Started by November 22, 2018 01:22 AM
25 comments, last by Septopus 6 years ago
1 hour ago, Septopus said:

Making it "windowless" or "headless" as it were, doesn't necessarily negate the need for "physics/graphics" hardware for many engines.  I called it 3D hardware, but in this case it would be the physics hardware, usually supplied as part of the graphics hardware.  Many engines only work with hardware physics support. 

IIRC Bullet has a GPU version that's separate from the CPU version, and PhysX can optionally use a GPU for acceleration. Typically GPU physics is only used for "optional" calculations - graphics fluff like sparks, debris, animated hair and cloth, etc... 

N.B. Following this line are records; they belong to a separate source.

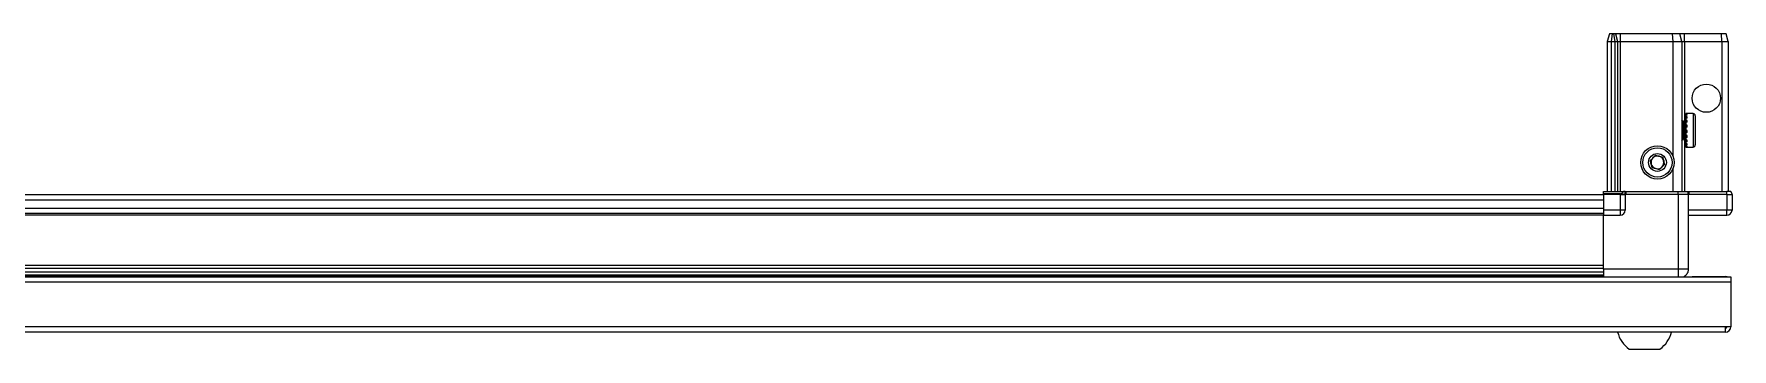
# Model space of a CAD drawing. Header units: millimetres. Extents: x 1219 to 6053, y -1082 to 1971.
# Drawn here: x 2115 to 2775, y -1082 to -959 of the extents above; entities that cross this region are included whole.
import ezdxf

# ---------------------------------------------------------------- set-up
doc = ezdxf.new("R2010")
doc.units = ezdxf.units.MM

msp = doc.modelspace()

# ---------------------------------------------------------------- linework, layer by layer
at = {"color": 7, "linetype": 'Continuous', "lineweight": 25}
for p, q in [((2726.96, -958.99), (2726.16, -961.99)), ((2726.16, -961.99), (2727.66, -961.99)), ((2726.16, -961.99), (2726.16, -1020.29)), ((2728.11, -958.99), (2726.96, -958.99)), ((2728.11, -958.99), (2727.66, -961.99)), ((2727.66, -961.99), (2729.16, -961.99)), ((2727.66, -961.99), (2727.66, -1020.29)), ((2728.61, -958.99), (2728.11, -958.99)), ((2728.61, -958.99), (2729.16, -961.99)), ((2729.35, -958.99), (2728.61, -958.99)), ((2729.16, -961.99), (2730.16, -961.99)), ((2729.16, -961.99), (2729.16, -1020.29)), ((2729.35, -958.99), (2730.16, -961.99)), ((2731.16, -958.99), (2729.35, -958.99)), ((2730.16, -961.99), (2730.16, -1020.29)), ((2730.16, -961.99), (2731.16, -961.99)), ((2751.32, -958.99), (2731.16, -958.99)), ((2731.16, -961.99), (2751.66, -961.99)), ((2751.32, -958.99), (2751.66, -961.99)), ((2754.35, -958.99), (2751.32, -958.99)), ((2751.66, -961.99), (2751.66, -1006.49)), ((2751.66, -961.99), (2755.16, -961.99)), ((2755.16, -961.99), (2754.35, -958.99)), ((2756.16, -958.99), (2754.35, -958.99)), ((2755.16, -961.99), (2755.16, -1020.29)), ((2755.16, -961.99), (2756.16, -961.99)), ((2770.5, -958.99), (2756.16, -958.99)), ((2756.16, -961.99), (2770.66, -961.99)), ((2770.66, -961.99), (2770.5, -958.99)), ((2772.35, -958.99), (2770.5, -958.99)), ((2770.66, -961.99), (2770.66, -1020.29)), ((2770.66, -961.99), (2773.16, -961.99)), ((2773.16, -961.99), (2772.35, -958.99)), ((2773.16, -961.99), (2773.16, -1020.29)), ((2759.56, -989.99), (2756.66, -989.99)), ((2757.16, -989.99), (2756.66, -989.99)), ((2756.66, -989.99), (2756.66, -990.04)), ((2756.66, -990.04), (2756.66, -990.32)), ((2757.16, -990.04), (2756.66, -990.04)), ((2757.16, -990.04), (2757.16, -989.99)), ((2755.19, -992.49), (2755.16, -992.49)), ((2755.67, -993.18), (2755.19, -992.49)), ((2755.19, -992.49), (2755.19, -1000.49)), ((2756.16, -992.49), (2755.67, -993.18)), ((2755.67, -993.18), (2755.67, -999.8)), ((2756.16, -992.49), (2756.16, -1000.49)), ((2756.66, -992.09), (2756.56, -992.09)), ((2756.56, -992.09), (2756.56, -1000.89)), ((2757.16, -990.32), (2756.66, -990.32)), ((2756.66, -990.32), (2756.66, -990.6)), ((2757.16, -990.6), (2756.66, -990.6)), ((2756.66, -990.6), (2756.66, -991.26)), ((2757.16, -991.26), (2756.66, -991.26)), ((2756.66, -991.26), (2756.66, -991.73)), ((2756.66, -991.73), (2756.66, -992.71)), ((2757.16, -991.73), (2756.66, -991.73)), ((2757.16, -992.71), (2756.66, -992.71)), ((2756.66, -992.71), (2756.66, -993.34)), ((2756.66, -993.34), (2756.66, -994.53)), ((2757.16, -993.34), (2756.66, -993.34)), ((2757.16, -994.53), (2756.66, -994.53)), ((2756.66, -994.53), (2756.66, -995.16)), ((2757.16, -995.16), (2756.66, -995.16)), ((2756.66, -995.25), (2756.66, -996.54)), ((2757.16, -995.25), (2756.66, -995.25)), ((2757.16, -996.54), (2756.66, -996.54)), ((2757.16, -990.6), (2757.16, -990.32)), ((2757.16, -991.73), (2757.16, -991.26)), ((2757.16, -993.34), (2757.16, -992.71)), ((2757.16, -995.25), (2757.16, -994.53)), ((2757.16, -997.28), (2757.16, -996.54)), ((2760.36, -990.79), (2760.36, -1002.19)), ((2755.16, -1000.49), (2755.19, -1000.49)), ((2755.19, -1000.49), (2755.67, -999.8)), ((2755.67, -999.8), (2756.16, -1000.49)), ((2756.56, -1000.89), (2756.66, -1000.89)), ((2757.16, -997.02), (2756.66, -997.02)), ((2756.66, -997.02), (2756.66, -997.28)), ((2756.66, -997.28), (2756.66, -998.55)), ((2757.16, -997.28), (2756.66, -997.28)), ((2757.16, -998.55), (2756.66, -998.55)), ((2756.66, -998.55), (2756.66, -999.23)), ((2756.66, -999.23), (2756.66, -1000.35)), ((2757.16, -999.23), (2756.66, -999.23)), ((2757.16, -1000.35), (2756.66, -1000.35)), ((2756.66, -1000.35), (2756.66, -1000.92)), ((2756.66, -1000.92), (2756.66, -1001.78)), ((2757.16, -1000.92), (2756.66, -1000.92)), ((2757.16, -1001.78), (2756.66, -1001.78)), ((2756.66, -1001.78), (2756.66, -1002.17)), ((2756.66, -1002.17), (2756.66, -1002.69)), ((2757.16, -1002.17), (2756.66, -1002.17)), ((2757.16, -1002.69), (2756.66, -1002.69)), ((2756.66, -1002.69), (2756.66, -1002.87)), ((2756.66, -1002.87), (2756.66, -1002.99)), ((2757.16, -1002.87), (2756.66, -1002.87)), ((2756.66, -1002.99), (2759.56, -1002.99)), ((2757.16, -999.23), (2757.16, -998.55)), ((2757.16, -1000.92), (2757.16, -1000.35)), ((2757.16, -1002.17), (2757.16, -1001.78)), ((2757.16, -1002.87), (2757.16, -1002.69)), ((2751.66, -1011.49), (2751.66, -1020.29)), ((2724.66, -1021.64), (2084.66, -1021.64)), ((2724.66, -1021.16), (2724.66, -1020.29)), ((2724.66, -1020.29), (2732.48, -1020.29)), ((2724.66, -1021.49), (2724.66, -1021.16)), ((2731.16, -1021.16), (2724.66, -1021.16)), ((2731.16, -1021.49), (2724.66, -1021.49)), ((2724.66, -1021.49), (2724.66, -1027.49)), ((2731.16, -1021.49), (2733.16, -1021.49)), ((2733.16, -1021.49), (2731.16, -1021.49)), ((2733.16, -1020.29), (2732.48, -1020.29)), ((2733.16, -1021.49), (2733.16, -1020.29)), ((2733.16, -1020.29), (2733.36, -1020.29)), ((2733.36, -1021.49), (2733.16, -1021.49)), ((2733.16, -1021.49), (2733.16, -1027.49)), ((2733.36, -1020.29), (2753.66, -1020.29)), ((2753.66, -1021.49), (2733.36, -1021.49)), ((2753.66, -1020.29), (2757.66, -1020.29)), ((2757.66, -1021.49), (2753.66, -1021.49)), ((2757.66, -1021.49), (2757.66, -1020.29)), ((2757.66, -1020.29), (2757.86, -1020.29)), ((2757.86, -1021.49), (2757.66, -1021.49)), ((2757.66, -1021.49), (2757.66, -1050.49)), ((2757.86, -1020.29), (2772.66, -1020.29)), ((2772.66, -1021.49), (2757.86, -1021.49)), ((2774.16, -1020.29), (2772.66, -1020.29)), ((2772.66, -1021.49), (2774.66, -1021.49)), ((2774.66, -1021.16), (2774.16, -1020.29)), ((2774.66, -1021.16), (2774.16, -1020.29)), ((2774.66, -1021.49), (2774.66, -1021.16)), ((2774.66, -1021.49), (2774.66, -1021.16)), ((2774.66, -1021.49), (2774.66, -1021.49)), ((2774.66, -1021.49), (2774.66, -1027.49)), ((2724.66, -1028.84), (2084.66, -1028.84)), ((2724.66, -1027.49), (2724.66, -1029.49)), ((2724.66, -1029.49), (2731.16, -1029.49)), ((2724.66, -1050.49), (2724.66, -1029.49)), ((2757.66, -1029.49), (2772.66, -1029.49)), ((1375.16, -1053.49), (2774.16, -1053.49)), ((1424.66, -1051.51), (2724.66, -1051.51)), ((1424.66, -1051.55), (2724.66, -1051.55)), ((2698.53, -1053.34), (1450.78, -1053.34)), ((2693.16, -1053.49), (2693.16, -1053.34)), ((2693.33, -1053.49), (2693.33, -1053.34)), ((2693.54, -1053.49), (2693.54, -1053.34)), ((2694.1, -1053.49), (2694.1, -1053.34)), ((2694.52, -1053.49), (2694.52, -1053.34)), ((2695.42, -1053.49), (2695.42, -1053.34)), ((2696, -1053.49), (2696, -1053.34)), ((2697.15, -1053.49), (2697.15, -1053.34)), ((2697.84, -1053.49), (2697.84, -1053.34)), ((2699.12, -1053.34), (2698.53, -1053.34)), ((2699.12, -1053.49), (2699.12, -1053.34)), ((2699.13, -1053.34), (2699.12, -1053.34)), ((2699.86, -1053.34), (2699.13, -1053.34)), ((2699.29, -1053.49), (2699.29, -1053.34)), ((2699.79, -1053.49), (2699.79, -1053.34)), ((2699.86, -1053.49), (2699.86, -1053.34)), ((2700.78, -1053.34), (2699.86, -1053.34)), ((2699.86, -1053.34), (2699.86, -1053.34)), ((2724.66, -1053.34), (2700.78, -1053.34)), ((2701.15, -1053.49), (2701.15, -1053.34)), ((2701.86, -1053.49), (2701.86, -1053.34)), ((2703.03, -1053.49), (2703.03, -1053.34)), ((2703.64, -1053.49), (2703.64, -1053.34)), ((2704.58, -1053.49), (2704.58, -1053.34)), ((2705.03, -1053.49), (2705.03, -1053.34)), ((2705.65, -1053.49), (2705.65, -1053.34)), ((2705.9, -1053.49), (2705.9, -1053.34)), ((2706.14, -1053.49), (2706.14, -1053.34)), ((2706.15, -1053.49), (2706.15, -1053.34)), ((2759.16, -1053.39), (2772.06, -1053.39)), ((2759.16, -1053.39), (2759.16, -1053.49)), ((2774.16, -1053.49), (2774.16, -1055.59)), ((2774.16, -1055.59), (2774.16, -1072.89)), ((2772.06, -1074.99), (1377.26, -1074.99)), ((2774.16, -1072.89), (2772.06, -1072.89)), ((2772.06, -1074.99), (2772.06, -1072.89)), ((2734.66, -1081.59), (2746.66, -1081.59))]:
    msp.add_line(p, q, dxfattribs=at)
at = {"color": 8, "linetype": 'Continuous', "lineweight": 18}
for p, q in [((2731.16, -958.99), (2731.16, -961.99)), ((2731.16, -961.99), (2731.16, -1020.29)), ((2756.16, -961.99), (2756.16, -958.99)), ((2756.16, -961.99), (2756.16, -992.49)), ((2759.56, -989.99), (2759.56, -1002.99)), ((2756.16, -1000.49), (2756.16, -1020.29)), ((2731.16, -1021.49), (2731.16, -1021.16)), ((2731.16, -1021.49), (2731.16, -1027.49)), ((2733.36, -1020.29), (2733.36, -1021.49)), ((2753.66, -1021.49), (2753.66, -1020.29)), ((2753.66, -1021.49), (2753.66, -1050.49)), ((2757.86, -1020.29), (2757.86, -1021.49)), ((2772.66, -1021.49), (2772.66, -1020.29)), ((2772.66, -1021.49), (2772.66, -1027.49)), ((2724.66, -1023.64), (2084.66, -1023.64)), ((2724.66, -1026.84), (2084.66, -1026.84)), ((2724.66, -1029.49), (2084.66, -1029.49)), ((2731.16, -1027.49), (2724.66, -1027.49)), ((2731.16, -1027.49), (2731.16, -1029.49)), ((2733.16, -1027.49), (2731.16, -1027.49)), ((2772.66, -1027.49), (2757.66, -1027.49)), ((2774.66, -1027.49), (2772.66, -1027.49)), ((2772.66, -1029.49), (2772.66, -1027.49)), ((1424.66, -1048.89), (2724.66, -1048.89)), ((2774.16, -1055.59), (1375.16, -1055.59)), ((2724.66, -1050.31), (1424.66, -1050.31)), ((1424.66, -1052.76), (2724.66, -1052.76)), ((2753.66, -1050.49), (2724.66, -1050.49)), ((2772.06, -1053.49), (2772.06, -1053.39)), ((2772.06, -1072.89), (1377.26, -1072.89))]:
    msp.add_line(p, q, dxfattribs=at)
at = {"color": 7, "linetype": 'Continuous', "lineweight": 25, "flags": 128}
msp.add_lwpolyline([(2772.7, -1053.49), (2772.47, -1053.43), (2772.06, -1053.39)], dxfattribs=at)
at = {"color": 7, "linetype": 'Continuous', "lineweight": 25}
for centre, radius in [((2764.66, -983.99), 5.5), ((2745.66, -1008.99), 6.5), ((2745.66, -1008.99), 3.46)]:
    msp.add_circle(centre, radius, dxfattribs=at)
at = {"color": 8, "linetype": 'Continuous', "lineweight": 18}
msp.add_circle((2745.66, -1008.99), 5.7, dxfattribs=at)
at = {"color": 7, "linetype": 'Continuous', "lineweight": 25}
for centre, radius, start, end in [((2759.56, -990.79), 0.8, 0, 90), ((2756.16, -992.09), 0.4, 270, 360), ((2756.16, -1000.89), 0.4, 0, 90), ((2759.56, -1002.19), 0.8, 270, 360), ((2745.66, -1008.99), 2.5, 134.67671, 194.67671), ((2745.66, -1008.99), 2.5, 194.67671, 254.67671), ((2745.66, -1008.99), 2.5, 74.67671, 134.67671), ((2745.66, -1008.99), 2.5, 14.67671, 74.67671), ((2745.66, -1008.99), 2.5, 314.67671, 14.67671), ((2745.66, -1008.99), 2.5, 254.67671, 314.67671), ((2731.16, -1027.49), 2, 270, 0), ((2772.66, -1027.49), 2, 270, 0), ((2741.68, -1071.97), 11.91, 194.70035, 233.8734), ((2739.63, -1071.97), 11.91, 306.1266, 345.29965), ((2772.06, -1072.89), 2.1, 270, 0), ((2772.06, -1072.89), 0.6, 270, 0)]:
    msp.add_arc(centre, radius, start, end, dxfattribs=at)
msp.add_ellipse((2731.16, -1017.69), major_axis=(0, 3.46), ratio=0.57735, start_param=3.141593, end_param=3.864327, dxfattribs=at)
for points, knots in [([(2742.87, -1008.23), (2743.24, -1007.87), (2743.93, -1007.19), (2744.61, -1006.51), (2744.93, -1006.2)], [0, 0, 0, 0, 0.534686, 1, 1, 1, 1]), ([(2743.6, -1011.02), (2743.52, -1010.69), (2743.31, -1009.89), (2743.06, -1008.93), (2742.9, -1008.35), (2742.87, -1008.23)], [0, 0, 0, 0, 0.362901, 0.866875, 1, 1, 1, 1]), ([(2744.93, -1006.2), (2745.42, -1006.33), (2746.35, -1006.59), (2747.28, -1006.84), (2747.71, -1006.96)], [0, 0, 0, 0, 0.534686, 1, 1, 1, 1]), ([(2748.44, -1009.75), (2748.07, -1010.12), (2747.39, -1010.79), (2746.71, -1011.47), (2746.39, -1011.78)], [0, 0, 0, 0, 0.534686, 1, 1, 1, 1]), ([(2747.71, -1006.96), (2747.74, -1007.08), (2747.89, -1007.66), (2748.15, -1008.62), (2748.35, -1009.42), (2748.44, -1009.75)], [0, 0, 0, 0, 0.133125, 0.637099, 1, 1, 1, 1]), ([(2746.39, -1011.78), (2745.89, -1011.65), (2744.96, -1011.39), (2744.04, -1011.14), (2743.6, -1011.02)], [0, 0, 0, 0, 0.5346859, 1, 1, 1, 1]), ([(2724.66, -1050.49), (2724.66, -1050.89), (2724.66, -1051.68), (2724.66, -1052.7), (2724.66, -1053.32), (2724.66, -1053.48), (2724.66, -1053.49)], [0, 0, 0, 0, 0.32552, 0.65104, 0.97656, 1, 1, 1, 1]), ([(2757.66, -1050.49), (2757.61, -1050.93), (2757.54, -1051.61), (2757.1, -1052.43), (2756.65, -1052.98), (2756.24, -1053.34), (2755.98, -1053.47), (2755.94, -1053.49)], [0, 0, 0, 0, 0.363018, 0.558438, 0.758004, 0.95757, 1, 1, 1, 1])]:
    msp.add_open_spline(points, degree=3, knots=knots, dxfattribs=at)
at = {"color": 8, "linetype": 'Continuous', "lineweight": 18}
msp.add_open_spline([(2753.66, -1050.49), (2753.66, -1050.93), (2753.66, -1051.61), (2753.66, -1052.43), (2753.66, -1052.98), (2753.66, -1053.34), (2753.66, -1053.47), (2753.66, -1053.49)], degree=3, knots=[0, 0, 0, 0, 0.363018, 0.558438, 0.758004, 0.95757, 1, 1, 1, 1], dxfattribs=at)
msp.add_open_spline([(2757.66, -1050.49), (2757.6, -1050.49), (2757.48, -1050.49), (2756.55, -1050.49), (2755.23, -1050.49), (2754.18, -1050.49), (2753.66, -1050.49)], degree=3, dxfattribs=at)

doc.saveas('drawing.dxf')

I don't know of any physics library that doesn't work without a GPU. 

Cool, thanks for all that!

I will certainly look into a C# wrapper for Bullet or ODE.  When you don't know what to look for specifically... Well..  You don't find much.  

I'm also just 1 dude with a project that already spans 2 operating systems and about 15000 lines of code between its 8 major components, so I have to keep the tinkering to a minimum.  ;)

That Unity project you worked on, just out of curiosity, how many man hours did it take to get it working like that?

After my most recent re-examination and these many subsequent discussions I'm almost certain I can achieve the desired game-play as well as the overall look and feel I require, without using an "authoritative" physics simulation at all.  The client will be using its physics capabilities to motivate objects it "influences/owns" only.  You can check out the most recent posts on my blog if you want to see what I'll probably never be able to succinctly explain.  

Thanks for giving me some very specific paths to explore.  Always happy to see all the angles and learn all the ways.  :)

1 minute ago, Hodgman said:

IIRC Bullet has a GPU version that's separate from the CPU version, and PhysX can optionally use a GPU for acceleration. Typically GPU physics is only used for "optional" calculations - graphics fluff like sparks, debris, animated hair and cloth, etc... 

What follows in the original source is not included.